I designed the gears using the following program. http://output.jsbin.com/oresos/latest After I learned how to make the planetary gears, I decided to design my own.  See the previous blog post.https://papercraftetc.blogspot.com/2019/05/a-stem-project-how-to-make-gears-using.html

I used 110 lb. card stock from Michaels. Here is the PDF.
https://drive.google.com/file/d/1tZmzTg2fjFUfOCeEF7JVjeqPF1SjXibj/view?usp=sharing

Here is the .Studio file.
https://drive.google.com/file/d/1wGbAhgS7GHvgfN_XIxL0tLcTqIN-jp6-/view?usp=sharing

Precise gluing and allowing the glue to dry is a must for this model. I highly recommend using a Darice quilling glue bottle with an ultra fine tip applicator filled with Aileen's Quick Dry Tacky glue. These items can be found at a craft store or online.

Ring Gear
Glue five layers together to form the ring gear.  Make sure that they are aligned when gluing.

Glue the ring gear to the base.

Glue the two carrier layers together. A rivet is shown at the bottom of the above photo.
Make the planetary rivets by gluing four circles on top of one another for each planetary gear. Don't be messy with the glue and get glue on the edges of the circle.  If you do, the rivets will not fit into the gear.  A dot is all that you need to adhere the circles. Make sure they are stacked perfectly.  The alignment needs to be exact for the gears to move smoothly. I recommend making a few extra and taking the best of the bunch to be used in the model. Allow the glue to dry sufficiently, either a few hours or overnight.  The rivets are a crucial part of the model and they need to be thoroughly dry before the model is operated.

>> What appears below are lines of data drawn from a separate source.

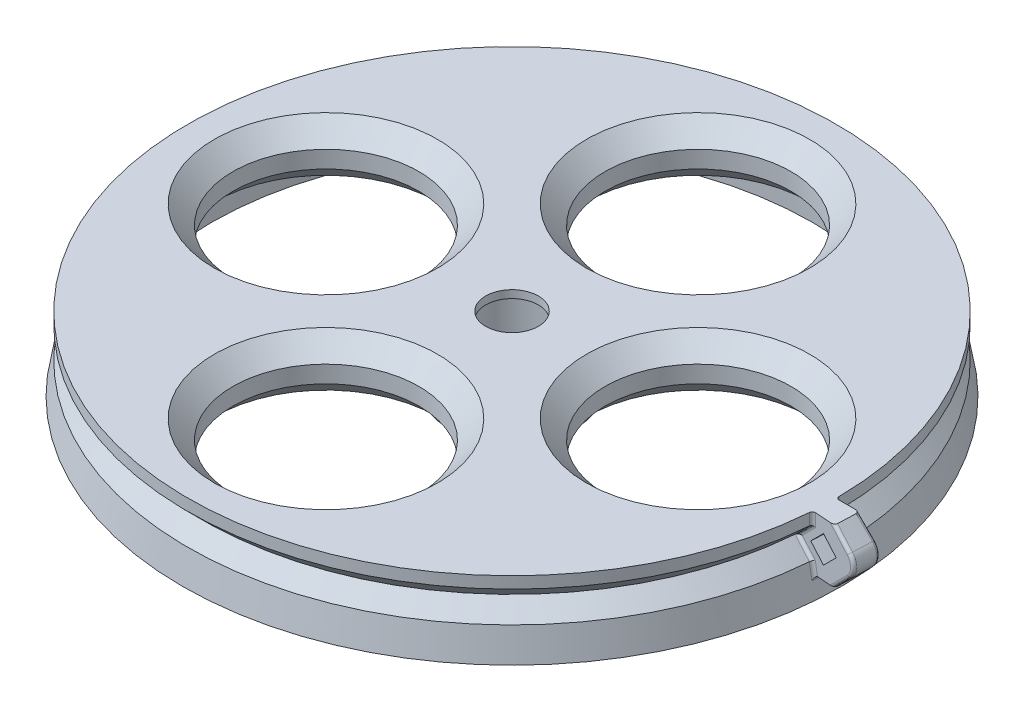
ISO-10303-21;
HEADER;
FILE_DESCRIPTION(('STEP AP214'),'2;1');
FILE_NAME('part.step','',(''),(''),'','','');
FILE_SCHEMA(('AUTOMOTIVE_DESIGN { 1 0 10303 214 1 1 1 1 }'));
ENDSEC;
DATA;
#1=APPLICATION_CONTEXT('core data for automotive mechanical design processes');
#2=APPLICATION_PROTOCOL_DEFINITION('international standard','automotive_design',2000,#1);
#3=PRODUCT_CONTEXT('',#1,'mechanical');
#4=PRODUCT('Part','Part','',(#3));
#5=PRODUCT_RELATED_PRODUCT_CATEGORY('part','',(#4));
#6=PRODUCT_DEFINITION_FORMATION('','',#4);
#7=PRODUCT_DEFINITION_CONTEXT('part definition',#1,'design');
#8=PRODUCT_DEFINITION('design','',#6,#7);
#9=PRODUCT_DEFINITION_SHAPE('','',#8);
#10=(LENGTH_UNIT() NAMED_UNIT(*) SI_UNIT(.MILLI.,.METRE.));
#11=(NAMED_UNIT(*) PLANE_ANGLE_UNIT() SI_UNIT($,.RADIAN.));
#12=(NAMED_UNIT(*) SI_UNIT($,.STERADIAN.) SOLID_ANGLE_UNIT());
#13=UNCERTAINTY_MEASURE_WITH_UNIT(LENGTH_MEASURE(1.E-05),#10,'distance_accuracy_value','');
#14=(GEOMETRIC_REPRESENTATION_CONTEXT(3) GLOBAL_UNCERTAINTY_ASSIGNED_CONTEXT((#13)) GLOBAL_UNIT_ASSIGNED_CONTEXT((#10,
#11,#12)) REPRESENTATION_CONTEXT('',''));
#15=CARTESIAN_POINT('',(0.,0.,0.));
#16=DIRECTION('',(0.,0.,1.));
#17=DIRECTION('',(1.,0.,0.));
#18=AXIS2_PLACEMENT_3D('',#15,#16,#17);
#19=CARTESIAN_POINT('',(0.,0.,0.));
#20=DIRECTION('',(0.,1.,0.));
#21=DIRECTION('',(0.,0.,1.));
#22=AXIS2_PLACEMENT_3D('',#19,#20,#21);
#23=CYLINDRICAL_SURFACE('',#22,2.9);
#24=CARTESIAN_POINT('',(0.,-2.75,0.));
#25=DIRECTION('',(0.,-1.,0.));
#26=DIRECTION('',(0.,0.,-1.));
#27=AXIS2_PLACEMENT_3D('',#24,#25,#26);
#28=CIRCLE('',#27,2.9);
#29=CARTESIAN_POINT('',(0.,-2.75,-2.9));
#30=VERTEX_POINT('',#29);
#31=EDGE_CURVE('E725',#30,#30,#28,.T.);
#32=ORIENTED_EDGE('',*,*,#31,.T.);
#33=EDGE_LOOP('',(#32));
#34=FACE_BOUND('',#33,.T.);
#35=CARTESIAN_POINT('',(0.,1.25,0.));
#36=DIRECTION('',(0.,1.,0.));
#37=DIRECTION('',(0.,0.,1.));
#38=AXIS2_PLACEMENT_3D('',#35,#36,#37);
#39=CIRCLE('',#38,2.9);
#40=CARTESIAN_POINT('',(0.,1.25,2.9));
#41=VERTEX_POINT('',#40);
#42=EDGE_CURVE('E723',#41,#41,#39,.T.);
#43=ORIENTED_EDGE('',*,*,#42,.T.);
#44=EDGE_LOOP('',(#43));
#45=FACE_BOUND('',#44,.T.);
#46=ADVANCED_FACE('F41',(#34,#45),#23,.F.);
#47=CARTESIAN_POINT('',(0.,-1.75,19.4));
#48=DIRECTION('',(0.,-1.,0.));
#49=DIRECTION('',(0.,0.,-1.));
#50=AXIS2_PLACEMENT_3D('',#47,#48,#49);
#51=PLANE('',#50);
#52=CARTESIAN_POINT('',(12.,-1.75,0.));
#53=DIRECTION('',(0.,-1.,0.));
#54=DIRECTION('',(0.,0.,-1.));
#55=AXIS2_PLACEMENT_3D('',#52,#53,#54);
#56=CIRCLE('',#55,7.2);
#57=CARTESIAN_POINT('',(12.,-1.75,-7.2));
#58=VERTEX_POINT('',#57);
#59=EDGE_CURVE('E306',#58,#58,#56,.F.);
#60=ORIENTED_EDGE('',*,*,#59,.T.);
#61=EDGE_LOOP('',(#60));
#62=FACE_BOUND('',#61,.T.);
#63=CARTESIAN_POINT('',(0.,-1.75,-12.));
#64=DIRECTION('',(0.,-1.,0.));
#65=DIRECTION('',(0.,0.,-1.));
#66=AXIS2_PLACEMENT_3D('',#63,#64,#65);
#67=CIRCLE('',#66,7.2);
#68=CARTESIAN_POINT('',(0.,-1.75,-19.2));
#69=VERTEX_POINT('',#68);
#70=EDGE_CURVE('E303',#69,#69,#67,.F.);
#71=ORIENTED_EDGE('',*,*,#70,.T.);
#72=EDGE_LOOP('',(#71));
#73=FACE_BOUND('',#72,.T.);
#74=CARTESIAN_POINT('',(-12.,-1.75,0.));
#75=DIRECTION('',(0.,-1.,0.));
#76=DIRECTION('',(0.,0.,-1.));
#77=AXIS2_PLACEMENT_3D('',#74,#75,#76);
#78=CIRCLE('',#77,7.19999999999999);
#79=CARTESIAN_POINT('',(-12.,-1.75,-7.19999999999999));
#80=VERTEX_POINT('',#79);
#81=EDGE_CURVE('E297',#80,#80,#78,.F.);
#82=ORIENTED_EDGE('',*,*,#81,.T.);
#83=EDGE_LOOP('',(#82));
#84=FACE_BOUND('',#83,.T.);
#85=CARTESIAN_POINT('',(0.,-1.75,12.));
#86=DIRECTION('',(0.,-1.,0.));
#87=DIRECTION('',(0.,0.,-1.));
#88=AXIS2_PLACEMENT_3D('',#85,#86,#87);
#89=CIRCLE('',#88,7.20000000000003);
#90=CARTESIAN_POINT('',(0.,-1.75,4.79999999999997));
#91=VERTEX_POINT('',#90);
#92=EDGE_CURVE('E300',#91,#91,#89,.F.);
#93=ORIENTED_EDGE('',*,*,#92,.T.);
#94=EDGE_LOOP('',(#93));
#95=FACE_BOUND('',#94,.T.);
#96=CARTESIAN_POINT('',(0.,-1.75,0.));
#97=DIRECTION('',(0.,1.,0.));
#98=DIRECTION('',(0.,0.,1.));
#99=AXIS2_PLACEMENT_3D('',#96,#97,#98);
#100=CIRCLE('',#99,19.4);
#101=CARTESIAN_POINT('',(0.,-1.75,19.4));
#102=VERTEX_POINT('',#101);
#103=EDGE_CURVE('E289',#102,#102,#100,.T.);
#104=ORIENTED_EDGE('',*,*,#103,.F.);
#105=EDGE_LOOP('',(#104));
#106=FACE_BOUND('',#105,.T.);
#107=CARTESIAN_POINT('',(0.,-1.75,0.));
#108=DIRECTION('',(0.,-1.,0.));
#109=DIRECTION('',(0.,0.,-1.));
#110=AXIS2_PLACEMENT_3D('',#107,#108,#109);
#111=CIRCLE('',#110,4.1);
#112=CARTESIAN_POINT('',(0.,-1.75,-4.1));
#113=VERTEX_POINT('',#112);
#114=EDGE_CURVE('E729',#113,#113,#111,.T.);
#115=ORIENTED_EDGE('',*,*,#114,.F.);
#116=EDGE_LOOP('',(#115));
#117=FACE_BOUND('',#116,.T.);
#118=ADVANCED_FACE('F712',(#62,#73,#84,#95,#106,#117),#51,.T.);
#119=CARTESIAN_POINT('',(0.,-1.,0.));
#120=DIRECTION('',(0.,-1.,0.));
#121=DIRECTION('',(0.,0.,-1.));
#122=AXIS2_PLACEMENT_3D('',#119,#120,#121);
#123=CONICAL_SURFACE('',#122,20.9,0.174532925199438);
#124=CARTESIAN_POINT('',(0.,-3.,0.));
#125=DIRECTION('',(0.,1.,0.));
#126=DIRECTION('',(0.,0.,1.));
#127=AXIS2_PLACEMENT_3D('',#124,#125,#126);
#128=CIRCLE('',#127,21.2526539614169);
#129=CARTESIAN_POINT('',(0.,-3.,21.2526539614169));
#130=VERTEX_POINT('',#129);
#131=EDGE_CURVE('E285',#130,#130,#128,.T.);
#132=ORIENTED_EDGE('',*,*,#131,.T.);
#133=EDGE_LOOP('',(#132));
#134=FACE_BOUND('',#133,.T.);
#135=CARTESIAN_POINT('',(0.,-1.,0.));
#136=DIRECTION('',(0.,1.,0.));
#137=DIRECTION('',(0.,0.,1.));
#138=AXIS2_PLACEMENT_3D('',#135,#136,#137);
#139=CIRCLE('',#138,20.9);
#140=CARTESIAN_POINT('',(20.8990558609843,-1.,-0.198655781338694));
#141=VERTEX_POINT('',#140);
#142=CARTESIAN_POINT('',(20.8342892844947,-1.,1.65601630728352));
#143=VERTEX_POINT('',#142);
#144=EDGE_CURVE('E279',#141,#143,#139,.T.);
#145=ORIENTED_EDGE('',*,*,#144,.F.);
#146=CARTESIAN_POINT('',(37.5586284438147,-17.3763182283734,0.));
#147=CARTESIAN_POINT('',(37.4177395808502,-17.5172090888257,0.));
#148=CARTESIAN_POINT('',(37.4172090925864,-17.5177395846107,-0.199246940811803));
#149=CARTESIAN_POINT('',(34.7223611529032,-14.5400942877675,0.));
#150=CARTESIAN_POINT('',(34.5815344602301,-14.680960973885,0.));
#151=CARTESIAN_POINT('',(34.5809421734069,-14.6815156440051,-0.19918563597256));
#152=CARTESIAN_POINT('',(31.8860926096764,-11.7038715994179,0.));
#153=CARTESIAN_POINT('',(31.745912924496,-11.8452939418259,0.));
#154=CARTESIAN_POINT('',(31.7446739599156,-11.8452929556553,-0.199120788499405));
#155=CARTESIAN_POINT('',(27.6316741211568,-7.44955325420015,0.));
#156=CARTESIAN_POINT('',(27.4911643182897,-7.59044615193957,0.));
#157=CARTESIAN_POINT('',(27.4902564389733,-7.59097461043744,-0.198979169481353));
#158=CARTESIAN_POINT('',(26.2135320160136,-6.03144975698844,0.));
#159=CARTESIAN_POINT('',(26.0731015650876,-6.17234519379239,0.));
#160=CARTESIAN_POINT('',(26.0721147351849,-6.1728711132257,-0.198924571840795));
#161=CARTESIAN_POINT('',(23.3772402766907,-3.19525028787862,0.));
#162=CARTESIAN_POINT('',(23.2369011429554,-3.33605355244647,0.));
#163=CARTESIAN_POINT('',(23.2358240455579,-3.33667164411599,-0.198794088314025));
#164=CARTESIAN_POINT('',(21.959090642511,-1.77715431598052,0.));
#165=CARTESIAN_POINT('',(21.818913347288,-1.91801275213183,0.));
#166=CARTESIAN_POINT('',(21.8176750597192,-1.91857567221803,-0.198718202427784));
#167=CARTESIAN_POINT('',(19.1227777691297,1.05902404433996,0.));
#168=CARTESIAN_POINT('',(18.9827293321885,0.918303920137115,0.));
#169=CARTESIAN_POINT('',(18.9813640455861,0.917602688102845,-0.198527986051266));
#170=CARTESIAN_POINT('',(17.704614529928,2.47710643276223,0.));
#171=CARTESIAN_POINT('',(17.5648033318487,2.33630954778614,0.));
#172=CARTESIAN_POINT('',(17.5632020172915,2.33568507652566,-0.198413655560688));
#173=CARTESIAN_POINT('',(14.8682626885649,5.31324583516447,0.));
#174=CARTESIAN_POINT('',(14.7287428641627,5.17257879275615,0.));
#175=CARTESIAN_POINT('',(14.7268538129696,5.1718244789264,-0.198113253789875));
#176=CARTESIAN_POINT('',(13.4500740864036,6.73130284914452,0.));
#177=CARTESIAN_POINT('',(13.311111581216,6.5903391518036,0.));
#178=CARTESIAN_POINT('',(13.3086676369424,6.58988149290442,-0.197927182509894));
#179=CARTESIAN_POINT('',(11.3227425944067,8.85833979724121,0.));
#180=CARTESIAN_POINT('',(11.1833147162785,8.71842372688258,0.));
#181=CARTESIAN_POINT('',(11.1813430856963,8.71691844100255,-0.19751072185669));
#182=CARTESIAN_POINT('',(10.6136239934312,9.56734402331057,0.));
#183=CARTESIAN_POINT('',(10.474429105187,9.42742081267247,0.));
#184=CARTESIAN_POINT('',(10.4722273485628,9.42592266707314,-0.19734900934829));
#185=CARTESIAN_POINT('',(9.19535678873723,10.9853224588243,0.));
#186=CARTESIAN_POINT('',(9.05646016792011,10.8456702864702,0.));
#187=CARTESIAN_POINT('',(9.05396836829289,10.8439011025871,-0.196940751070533));
#188=CARTESIAN_POINT('',(8.48620818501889,11.6942966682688,0.));
#189=CARTESIAN_POINT('',(8.34767225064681,11.5546271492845,0.));
#190=CARTESIAN_POINT('',(8.34482512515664,11.5528753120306,-0.196694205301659));
#191=CARTESIAN_POINT('',(7.06785197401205,13.112186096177,0.));
#192=CARTESIAN_POINT('',(6.92983540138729,12.9729138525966,0.));
#193=CARTESIAN_POINT('',(6.9264858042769,12.9707647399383,-0.1960344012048));
#194=CARTESIAN_POINT('',(6.35864436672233,13.8211013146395,0.));
#195=CARTESIAN_POINT('',(6.22136394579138,13.6816658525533,0.));
#196=CARTESIAN_POINT('',(6.21728972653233,13.6796799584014,-0.195621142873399));
#197=CARTESIAN_POINT('',(5.29472070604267,14.8843618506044,0.));
#198=CARTESIAN_POINT('',(5.15734656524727,14.7463139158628,0.));
#199=CARTESIAN_POINT('',(5.15339880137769,14.7429404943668,-0.19468418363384));
#200=CARTESIAN_POINT('',(4.94006077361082,15.2387633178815,0.));
#201=CARTESIAN_POINT('',(4.80313385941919,15.1007712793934,0.));
#202=CARTESIAN_POINT('',(4.79875235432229,15.0973419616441,-0.194319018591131));
#203=CARTESIAN_POINT('',(4.23065839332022,15.9474836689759,0.));
#204=CARTESIAN_POINT('',(4.09428547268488,15.8102592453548,0.));
#205=CARTESIAN_POINT('',(4.08939276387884,15.8060623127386,-0.19335592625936));
#206=CARTESIAN_POINT('',(3.87591594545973,16.3018025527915,0.));
#207=CARTESIAN_POINT('',(3.74004657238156,16.1648923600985,0.));
#208=CARTESIAN_POINT('',(3.73467962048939,16.1603811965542,-0.192757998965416));
#209=CARTESIAN_POINT('',(3.52110969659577,16.6560575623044,0.));
#210=CARTESIAN_POINT('',(3.3853594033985,16.5200884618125,0.));
#211=CARTESIAN_POINT('',(3.37991592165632,16.5146362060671,-0.191980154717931));
#212=(BOUNDED_SURFACE() B_SPLINE_SURFACE(3,2,((#146,#147,#148),(#149,#150,#151),(#152,#153,
#154),(#155,#156,#157),(#158,#159,#160),(#161,#162,#163),(#164,#165,#166),(#167,#168,#169),
(#170,#171,#172),(#173,#174,#175),(#176,#177,#178),(#179,#180,#181),(#182,#183,#184),(#185,#186,
#187),(#188,#189,#190),(#191,#192,#193),(#194,#195,#196),(#197,#198,#199),(#200,#201,#202),
(#203,#204,#205),(#206,#207,#208),(#209,#210,#211)),.UNSPECIFIED.,.F.,.F.,
.F.) B_SPLINE_SURFACE_WITH_KNOTS((4,2,2,2,2,2,2,2,2,2,4),(3,3),(0.,12.0331710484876,
18.0497565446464,24.066342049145,30.0829276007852,36.0995131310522,39.1078059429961,
42.1160987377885,45.1243915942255,46.6285380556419,48.132684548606),(0.,1.),
.UNSPECIFIED.) GEOMETRIC_REPRESENTATION_ITEM() RATIONAL_B_SPLINE_SURFACE(((1.,0.708436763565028,
1.),(1.,0.708544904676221,1.),(1.,0.708659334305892,1.),(1.,0.708909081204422,1.),(1.,
0.709005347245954,1.),(1.,0.70923535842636,1.),(1.,0.709369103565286,1.),(1.,0.709704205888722,
1.),(1.,0.70990556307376,1.),(1.,0.710434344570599,1.),(1.,0.710761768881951,1.),(1.,
0.711493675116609,1.),(1.,0.711777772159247,1.),(1.,0.712494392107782,1.),(1.,0.712926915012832,
1.),(1.,0.714082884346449,1.),(1.,0.714806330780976,1.),(1.,0.716442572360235,1.),(1.,
0.717079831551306,1.),(1.,0.718756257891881,1.),(1.,0.719795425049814,1.),(1.,0.721144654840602,1.))) REPRESENTATION_ITEM('') SURFACE());
#213=CARTESIAN_POINT('',(20.8990558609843,-1.,-0.198655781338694));
#214=CARTESIAN_POINT('',(20.899056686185,-0.999999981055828,-0.198568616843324));
#215=CARTESIAN_POINT('',(20.8990574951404,-0.999999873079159,-0.198481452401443));
#216=CARTESIAN_POINT('',(20.8990590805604,-0.999999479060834,-0.198307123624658));
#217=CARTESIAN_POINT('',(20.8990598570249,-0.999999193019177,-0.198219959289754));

Make the sun rivet by gluing five circles on top of one another. Allow the glue to dry.

The carrier with the rivets attached.

Assemble the planetary gears. Starting with the planets, insert a rivet into the carrier. You will hear a slight snap when the rivet is placed correctly through the hole in the carrier. Thread the planet gear to the rivet.

Put a drop of glue on the top of the rivet and gently adhere the head of the rivet which is a paper circle.  Repeat for all of the rivets.

The rivet head has been attached to all of the planets.

Attach the sun gear onto the center rivet.

Thread the sun gear rivet through the base and snap the rivet into place.  The head of the rivet should be showing as above.

Put a drop of glue on the rivet and attach the head of the rivet.

Use the circle at the center of the gears as decoration for each of the rivets. Repeat the above directions for the other models.
Video of the planetary gears moving.



A STEM Project - Learning how to Use the Silhouette Software to Make Shapes

The Silhouette software is very powerful.  In this project, you will learn how to use the software and explore the mathematics behind the creation of shapes.


Using the drawing tools (oval shape), make a circle with a diameter of one inch.  

Hold down the shift key and drag the circle until it is 1 inch.  If you can not get the measurement exact, use the transform window scale to change both the width and height to 1 inch.

Using the drawing tools (oval shape), make an oval with a height of .05 inch and width of 1 inch. 


Hold down the shift key and drag the oval until it is 1 inch.  If you can not get the measurement exact, use the transform window scale to change the height to .05 inch and width to 1 inch.


Using the drawing tools (pentagon shape), make an equilateral triangle with the length of one inch. 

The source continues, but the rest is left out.